Roadmap

The detailed execution board lives in GitHub Projects. This page only summarizes the current release direction across the pccx ecosystem.

The release cadence is staged on a shared KV260 bitstream harness. v002.0 is the baseline integration; v002.1 layers sparsity and speculative decoding on the same RTL; v003.x moves to a separate RTL repository as architectural novelties land. A parallel vision-v001 track shares the same KV260 substrate but covers CNN-class workloads (classification / detection) and lives on its own repository.

Now — v002.0: baseline integration on KV260

  • finish remaining RTL integration on pccx-FPGA-NPU-LLM-kv260

  • A–F baseline phases on the v002.0 release line

    • in progress: Phase 3 step 1 (shape constant RAM unification, see Shape Constant RAM) and Stage C cleanup (counters, constants, GLOBAL_CONST consolidation)

  • trace-driven verification on pccx-lab

  • Sail execute increments

  • xsim / KV260 baseline bring-up logs

  • release evidence checklist (docs/RELEASE_EVIDENCE_CHECKLIST.md in pccx-FPGA-NPU-LLM-kv260) gates timing / throughput / bring-up wording before any claim lands in this docs site

  • throughput is measured-only on this release line — no timing or throughput signoff claim until the verification evidence is published

pccx v002 release evidence flow

Figure 1 RTL source → xsim testbenches → synthesis / implementation → KV260 bring-up [HW] → runtime [HW] → release evidence checklist (RELEASE_EVIDENCE_CHECKLIST.md) acting as the tag gate. Hardware-gated stages do not produce numbers that are quoted on this docs site until the checklist gates them in.

Tracking issue: pccxai/pccx#28 — v0.2.0 umbrella.
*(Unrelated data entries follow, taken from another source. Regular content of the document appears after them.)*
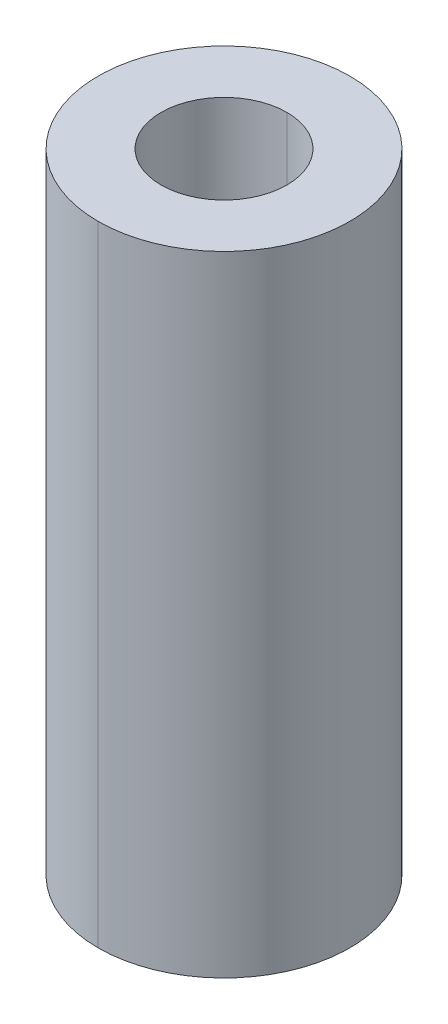
ISO-10303-21;
HEADER;
FILE_DESCRIPTION(('STEP AP214'),'2;1');
FILE_NAME('part.step','',(''),(''),'','','');
FILE_SCHEMA(('AUTOMOTIVE_DESIGN { 1 0 10303 214 1 1 1 1 }'));
ENDSEC;
DATA;
#1=APPLICATION_CONTEXT('core data for automotive mechanical design processes');
#2=APPLICATION_PROTOCOL_DEFINITION('international standard','automotive_design',2000,#1);
#3=PRODUCT_CONTEXT('',#1,'mechanical');
#4=PRODUCT('Part','Part','',(#3));
#5=PRODUCT_RELATED_PRODUCT_CATEGORY('part','',(#4));
#6=PRODUCT_DEFINITION_FORMATION('','',#4);
#7=PRODUCT_DEFINITION_CONTEXT('part definition',#1,'design');
#8=PRODUCT_DEFINITION('design','',#6,#7);
#9=PRODUCT_DEFINITION_SHAPE('','',#8);
#10=(LENGTH_UNIT() NAMED_UNIT(*) SI_UNIT(.MILLI.,.METRE.));
#11=(NAMED_UNIT(*) PLANE_ANGLE_UNIT() SI_UNIT($,.RADIAN.));
#12=(NAMED_UNIT(*) SI_UNIT($,.STERADIAN.) SOLID_ANGLE_UNIT());
#13=UNCERTAINTY_MEASURE_WITH_UNIT(LENGTH_MEASURE(1.E-05),#10,'distance_accuracy_value','');
#14=(GEOMETRIC_REPRESENTATION_CONTEXT(3) GLOBAL_UNCERTAINTY_ASSIGNED_CONTEXT((#13)) GLOBAL_UNIT_ASSIGNED_CONTEXT((#10,
#11,#12)) REPRESENTATION_CONTEXT('',''));
#15=CARTESIAN_POINT('',(0.,0.,0.));
#16=DIRECTION('',(0.,0.,1.));
#17=DIRECTION('',(1.,0.,0.));
#18=AXIS2_PLACEMENT_3D('',#15,#16,#17);
#19=CARTESIAN_POINT('',(0.,15.,0.));
#20=DIRECTION('',(0.,-1.,0.));
#21=DIRECTION('',(0.,0.,-1.));
#22=AXIS2_PLACEMENT_3D('',#19,#20,#21);
#23=CYLINDRICAL_SURFACE('',#22,1.5);
#24=DIRECTION('',(0.,-1.,0.));
#25=VECTOR('',#24,1.);
#26=CARTESIAN_POINT('',(0.,15.,1.5));
#27=LINE('',#26,#25);
#28=CARTESIAN_POINT('',(0.,15.,1.5));
#29=VERTEX_POINT('',#28);
#30=CARTESIAN_POINT('',(0.,0.,1.5));
#31=VERTEX_POINT('',#30);
#32=EDGE_CURVE('E77',#29,#31,#27,.T.);
#33=ORIENTED_EDGE('',*,*,#32,.F.);
#34=CARTESIAN_POINT('',(0.,15.,0.));
#35=DIRECTION('',(0.,1.,0.));
#36=DIRECTION('',(0.,0.,1.));
#37=AXIS2_PLACEMENT_3D('',#34,#35,#36);
#38=CIRCLE('',#37,1.5);
#39=CARTESIAN_POINT('',(0.,15.,-1.5));
#40=VERTEX_POINT('',#39);
#41=EDGE_CURVE('E72',#29,#40,#38,.T.);
#42=ORIENTED_EDGE('',*,*,#41,.T.);
#43=DIRECTION('',(0.,-1.,0.));
#44=VECTOR('',#43,1.);
#45=CARTESIAN_POINT('',(0.,15.,-1.5));
#46=LINE('',#45,#44);
#47=CARTESIAN_POINT('',(0.,0.,-1.5));
#48=VERTEX_POINT('',#47);
#49=EDGE_CURVE('E74',#40,#48,#46,.T.);
#50=ORIENTED_EDGE('',*,*,#49,.T.);
#51=CARTESIAN_POINT('',(0.,0.,0.));
#52=DIRECTION('',(0.,1.,0.));
#53=DIRECTION('',(0.,0.,1.));
#54=AXIS2_PLACEMENT_3D('',#51,#52,#53);
#55=CIRCLE('',#54,1.5);
#56=EDGE_CURVE('E11',#31,#48,#55,.T.);
#57=ORIENTED_EDGE('',*,*,#56,.F.);
#58=EDGE_LOOP('',(#33,#42,#50,#57));
#59=FACE_BOUND('',#58,.T.);
#60=ADVANCED_FACE('F18',(#59),#23,.F.);
#61=CARTESIAN_POINT('',(0.,15.,0.));
#62=DIRECTION('',(0.,-1.,0.));
#63=DIRECTION('',(0.,0.,-1.));
#64=AXIS2_PLACEMENT_3D('',#61,#62,#63);
#65=CYLINDRICAL_SURFACE('',#64,3.);
#66=DIRECTION('',(0.,-1.,0.));
#67=VECTOR('',#66,1.);
#68=CARTESIAN_POINT('',(0.,15.,3.));
#69=LINE('',#68,#67);
#70=CARTESIAN_POINT('',(0.,15.,3.));
#71=VERTEX_POINT('',#70);
#72=CARTESIAN_POINT('',(0.,0.,3.));
#73=VERTEX_POINT('',#72);
#74=EDGE_CURVE('E105',#71,#73,#69,.T.);
#75=ORIENTED_EDGE('',*,*,#74,.F.);
#76=CARTESIAN_POINT('',(0.,15.,0.));
#77=DIRECTION('',(0.,1.,0.));
#78=DIRECTION('',(0.,0.,1.));
#79=AXIS2_PLACEMENT_3D('',#76,#77,#78);
#80=CIRCLE('',#79,3.);
#81=CARTESIAN_POINT('',(0.,15.,-3.));
#82=VERTEX_POINT('',#81);
#83=EDGE_CURVE('E82',#82,#71,#80,.T.);
#84=ORIENTED_EDGE('',*,*,#83,.F.);
#85=DIRECTION('',(0.,-1.,0.));
#86=VECTOR('',#85,1.);
#87=CARTESIAN_POINT('',(0.,15.,-3.));
#88=LINE('',#87,#86);
#89=CARTESIAN_POINT('',(0.,0.,-3.));
#90=VERTEX_POINT('',#89);
#91=EDGE_CURVE('E104',#82,#90,#88,.T.);
#92=ORIENTED_EDGE('',*,*,#91,.T.);
#93=CARTESIAN_POINT('',(0.,0.,0.));
#94=DIRECTION('',(0.,1.,0.));
#95=DIRECTION('',(0.,0.,1.));
#96=AXIS2_PLACEMENT_3D('',#93,#94,#95);
#97=CIRCLE('',#96,3.);
#98=EDGE_CURVE('E26',#90,#73,#97,.T.);
#99=ORIENTED_EDGE('',*,*,#98,.T.);
#100=EDGE_LOOP('',(#75,#84,#92,#99));
#101=FACE_BOUND('',#100,.T.);
#102=ADVANCED_FACE('F123',(#101),#65,.T.);
#103=CARTESIAN_POINT('',(0.,0.,0.));
#104=DIRECTION('',(0.,1.,0.));
#105=DIRECTION('',(1.,0.,0.));
#106=AXIS2_PLACEMENT_3D('',#103,#104,#105);
#107=PLANE('',#106);
#108=CARTESIAN_POINT('',(0.,0.,0.));
#109=DIRECTION('',(0.,1.,0.));
#110=DIRECTION('',(0.,0.,1.));
#111=AXIS2_PLACEMENT_3D('',#108,#109,#110);
#112=CIRCLE('',#111,1.5);
#113=EDGE_CURVE('E87',#48,#31,#112,.T.);
#114=ORIENTED_EDGE('',*,*,#113,.T.);
#115=ORIENTED_EDGE('',*,*,#56,.T.);
#116=EDGE_LOOP('',(#114,#115));
#117=FACE_BOUND('',#116,.T.);
#118=ORIENTED_EDGE('',*,*,#98,.F.);
#119=CARTESIAN_POINT('',(0.,0.,0.));
#120=DIRECTION('',(0.,1.,0.));
#121=DIRECTION('',(0.,0.,1.));
#122=AXIS2_PLACEMENT_3D('',#119,#120,#121);
#123=CIRCLE('',#122,3.);
#124=EDGE_CURVE('E101',#73,#90,#123,.T.);
#125=ORIENTED_EDGE('',*,*,#124,.F.);
#126=EDGE_LOOP('',(#118,#125));
#127=FACE_BOUND('',#126,.T.);
#128=ADVANCED_FACE('F126',(#117,#127),#107,.F.);
#129=CARTESIAN_POINT('',(0.,15.,0.));
#130=DIRECTION('',(0.,1.,0.));
#131=DIRECTION('',(1.,0.,0.));
#132=AXIS2_PLACEMENT_3D('',#129,#130,#131);
#133=PLANE('',#132);
#134=CARTESIAN_POINT('',(0.,15.,0.));
#135=DIRECTION('',(0.,1.,0.));
#136=DIRECTION('',(0.,0.,1.));
#137=AXIS2_PLACEMENT_3D('',#134,#135,#136);
#138=CIRCLE('',#137,1.5);
#139=EDGE_CURVE('E85',#40,#29,#138,.T.);
#140=ORIENTED_EDGE('',*,*,#139,.F.);
#141=ORIENTED_EDGE('',*,*,#41,.F.);
#142=EDGE_LOOP('',(#140,#141));
#143=FACE_BOUND('',#142,.T.);
#144=ORIENTED_EDGE('',*,*,#83,.T.);
#145=CARTESIAN_POINT('',(0.,15.,0.));
#146=DIRECTION('',(0.,1.,0.));
#147=DIRECTION('',(0.,0.,1.));
#148=AXIS2_PLACEMENT_3D('',#145,#146,#147);
#149=CIRCLE('',#148,3.);
#150=EDGE_CURVE('E89',#71,#82,#149,.T.);
#151=ORIENTED_EDGE('',*,*,#150,.T.);
#152=EDGE_LOOP('',(#144,#151));
#153=FACE_BOUND('',#152,.T.);
#154=ADVANCED_FACE('F91',(#143,#153),#133,.T.);
#155=CARTESIAN_POINT('',(0.,15.,0.));
#156=DIRECTION('',(0.,-1.,0.));
#157=DIRECTION('',(0.,0.,-1.));
#158=AXIS2_PLACEMENT_3D('',#155,#156,#157);
#159=CYLINDRICAL_SURFACE('',#158,3.);
#160=ORIENTED_EDGE('',*,*,#150,.F.);
#161=ORIENTED_EDGE('',*,*,#74,.T.);
#162=ORIENTED_EDGE('',*,*,#124,.T.);
#163=ORIENTED_EDGE('',*,*,#91,.F.);
#164=EDGE_LOOP('',(#160,#161,#162,#163));
#165=FACE_BOUND('',#164,.T.);
#166=ADVANCED_FACE('F125',(#165),#159,.T.);
#167=CARTESIAN_POINT('',(0.,15.,0.));
#168=DIRECTION('',(0.,-1.,0.));
#169=DIRECTION('',(0.,0.,-1.));
#170=AXIS2_PLACEMENT_3D('',#167,#168,#169);
#171=CYLINDRICAL_SURFACE('',#170,1.5);
#172=ORIENTED_EDGE('',*,*,#139,.T.);
#173=ORIENTED_EDGE('',*,*,#32,.T.);
#174=ORIENTED_EDGE('',*,*,#113,.F.);
#175=ORIENTED_EDGE('',*,*,#49,.F.);
#176=EDGE_LOOP('',(#172,#173,#174,#175));
#177=FACE_BOUND('',#176,.T.);
#178=ADVANCED_FACE('F84',(#177),#171,.F.);
#179=CLOSED_SHELL('',(#60,#102,#128,#154,#166,#178));
#180=MANIFOLD_SOLID_BREP('B1',#179);
#181=ADVANCED_BREP_SHAPE_REPRESENTATION('',(#18,#180),#14);
#182=SHAPE_DEFINITION_REPRESENTATION(#9,#181);
ENDSEC;
END-ISO-10303-21;

Next — v002.1: sparsity + speculative decoding stack

  • same RTL repository (pccx-FPGA-NPU-LLM-kv260), continued from v002.0

  • G sparsity / H–H+ EAGLE-3 / I SSD / J Tree / K benchmark phases

  • 20 tok/s target lives on this release line

  • compute budget for EAGLE head training: \(70–100 (\)40 if a TRC TPU grant lands)

Later — v003.x: separate RTL repository (LLM line continued)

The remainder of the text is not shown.